Improved Three-Dimensional Reconstruction of Patient-Specific Carotid Bifurcation Using Deep Learning Based Segmentation of Ultrasound Images

Clinical examination is crucial during diagnostics of many diseases, including carotid artery disease. One of the most commonly used imaging techniques is the ultrasound (US) examination. However, the main drawback of US examination is that only two-dimensional (2D) cross-sectional images are obtained. For a more detailed analysis of the state of the patient’s carotid bifurcation it would be very useful to analyze a three-dimensional (3D) model. Within this study, an improved methodology for the 3D reconstruction is proposed. US images were segmented by using deep convolutional neural networks, and lumen and arterial wall regions are extracted.

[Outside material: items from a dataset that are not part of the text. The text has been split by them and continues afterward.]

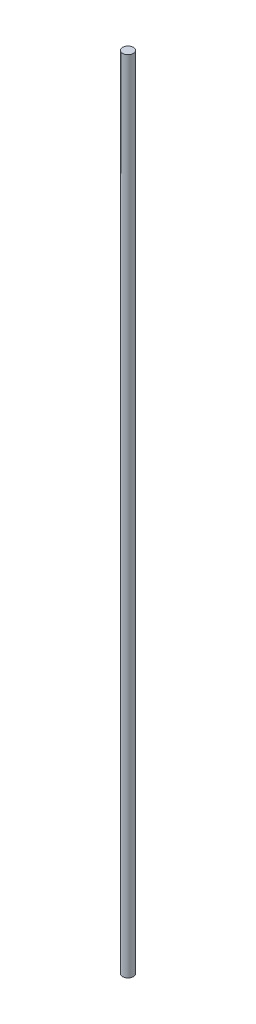
ISO-10303-21;
HEADER;
FILE_DESCRIPTION(('STEP AP214'),'2;1');
FILE_NAME('part.step','',(''),(''),'','','');
FILE_SCHEMA(('AUTOMOTIVE_DESIGN { 1 0 10303 214 1 1 1 1 }'));
ENDSEC;
DATA;
#1=APPLICATION_CONTEXT('core data for automotive mechanical design processes');
#2=APPLICATION_PROTOCOL_DEFINITION('international standard','automotive_design',2000,#1);
#3=PRODUCT_CONTEXT('',#1,'mechanical');
#4=PRODUCT('Part','Part','',(#3));
#5=PRODUCT_RELATED_PRODUCT_CATEGORY('part','',(#4));
#6=PRODUCT_DEFINITION_FORMATION('','',#4);
#7=PRODUCT_DEFINITION_CONTEXT('part definition',#1,'design');
#8=PRODUCT_DEFINITION('design','',#6,#7);
#9=PRODUCT_DEFINITION_SHAPE('','',#8);
#10=(LENGTH_UNIT() NAMED_UNIT(*) SI_UNIT(.MILLI.,.METRE.));
#11=(NAMED_UNIT(*) PLANE_ANGLE_UNIT() SI_UNIT($,.RADIAN.));
#12=(NAMED_UNIT(*) SI_UNIT($,.STERADIAN.) SOLID_ANGLE_UNIT());
#13=UNCERTAINTY_MEASURE_WITH_UNIT(LENGTH_MEASURE(1.E-05),#10,'distance_accuracy_value','');
#14=(GEOMETRIC_REPRESENTATION_CONTEXT(3) GLOBAL_UNCERTAINTY_ASSIGNED_CONTEXT((#13)) GLOBAL_UNIT_ASSIGNED_CONTEXT((#10,
#11,#12)) REPRESENTATION_CONTEXT('',''));
#15=CARTESIAN_POINT('',(0.,0.,0.));
#16=DIRECTION('',(0.,0.,1.));
#17=DIRECTION('',(1.,0.,0.));
#18=AXIS2_PLACEMENT_3D('',#15,#16,#17);
#19=CARTESIAN_POINT('',(0.,600.,0.));
#20=DIRECTION('',(0.,-1.,0.));
#21=DIRECTION('',(0.,0.,-1.));
#22=AXIS2_PLACEMENT_3D('',#19,#20,#21);
#23=CYLINDRICAL_SURFACE('',#22,4.);
#24=CARTESIAN_POINT('',(0.,600.,0.));
#25=DIRECTION('',(0.,1.,0.));
#26=DIRECTION('',(0.,0.,1.));
#27=AXIS2_PLACEMENT_3D('',#24,#25,#26);
#28=CIRCLE('',#27,4.);
#29=CARTESIAN_POINT('',(0.,600.,4.));
#30=VERTEX_POINT('',#29);
#31=EDGE_CURVE('E10',#30,#30,#28,.T.);
#32=ORIENTED_EDGE('',*,*,#31,.F.);
#33=EDGE_LOOP('',(#32));
#34=FACE_BOUND('',#33,.T.);
#35=CARTESIAN_POINT('',(0.,0.,0.));
#36=DIRECTION('',(0.,1.,0.));
#37=DIRECTION('',(0.,0.,1.));
#38=AXIS2_PLACEMENT_3D('',#35,#36,#37);
#39=CIRCLE('',#38,4.);
#40=CARTESIAN_POINT('',(0.,0.,4.));
#41=VERTEX_POINT('',#40);
#42=EDGE_CURVE('E34',#41,#41,#39,.T.);
#43=ORIENTED_EDGE('',*,*,#42,.T.);
#44=EDGE_LOOP('',(#43));
#45=FACE_BOUND('',#44,.T.);
#46=ADVANCED_FACE('F31',(#34,#45),#23,.T.);
#47=CARTESIAN_POINT('',(0.,600.,0.));
#48=DIRECTION('',(0.,1.,0.));
#49=DIRECTION('',(0.,0.,1.));
#50=AXIS2_PLACEMENT_3D('',#47,#48,#49);
#51=PLANE('',#50);
#52=ORIENTED_EDGE('',*,*,#31,.T.);
#53=EDGE_LOOP('',(#52));
#54=FACE_BOUND('',#53,.T.);
#55=ADVANCED_FACE('F46',(#54),#51,.T.);
#56=CARTESIAN_POINT('',(0.,0.,0.));
#57=DIRECTION('',(0.,1.,0.));
#58=DIRECTION('',(0.,0.,1.));
#59=AXIS2_PLACEMENT_3D('',#56,#57,#58);
#60=PLANE('',#59);
#61=ORIENTED_EDGE('',*,*,#42,.F.);
#62=EDGE_LOOP('',(#61));
#63=FACE_BOUND('',#62,.T.);
#64=ADVANCED_FACE('F44',(#63),#60,.F.);
#65=CLOSED_SHELL('',(#46,#55,#64));
#66=MANIFOLD_SOLID_BREP('B2',#65);
#67=ADVANCED_BREP_SHAPE_REPRESENTATION('',(#18,#66),#14);
#68=SHAPE_DEFINITION_REPRESENTATION(#9,#67);
ENDSEC;
END-ISO-10303-21;

Instead of using a generic model of the carotid artery as the basis that is further adapted to the particular patient with individual US cross-sectional images, in the presented approach the longitudinal cross-sectional US image of the whole carotid bifurcation is used to extract the shape of the whole geometry, which ensures more realistic 3D model. Computer AI-based 3D reconstruction of patient-specific geometry could ensure more complete view of the carotid bifurcation, but also this geometry could be further used within numerical simulations such as blood flow simulation or simulation of plaque progression, that could provide additional quantitative information useful for clinical diagnostics and treatment planning.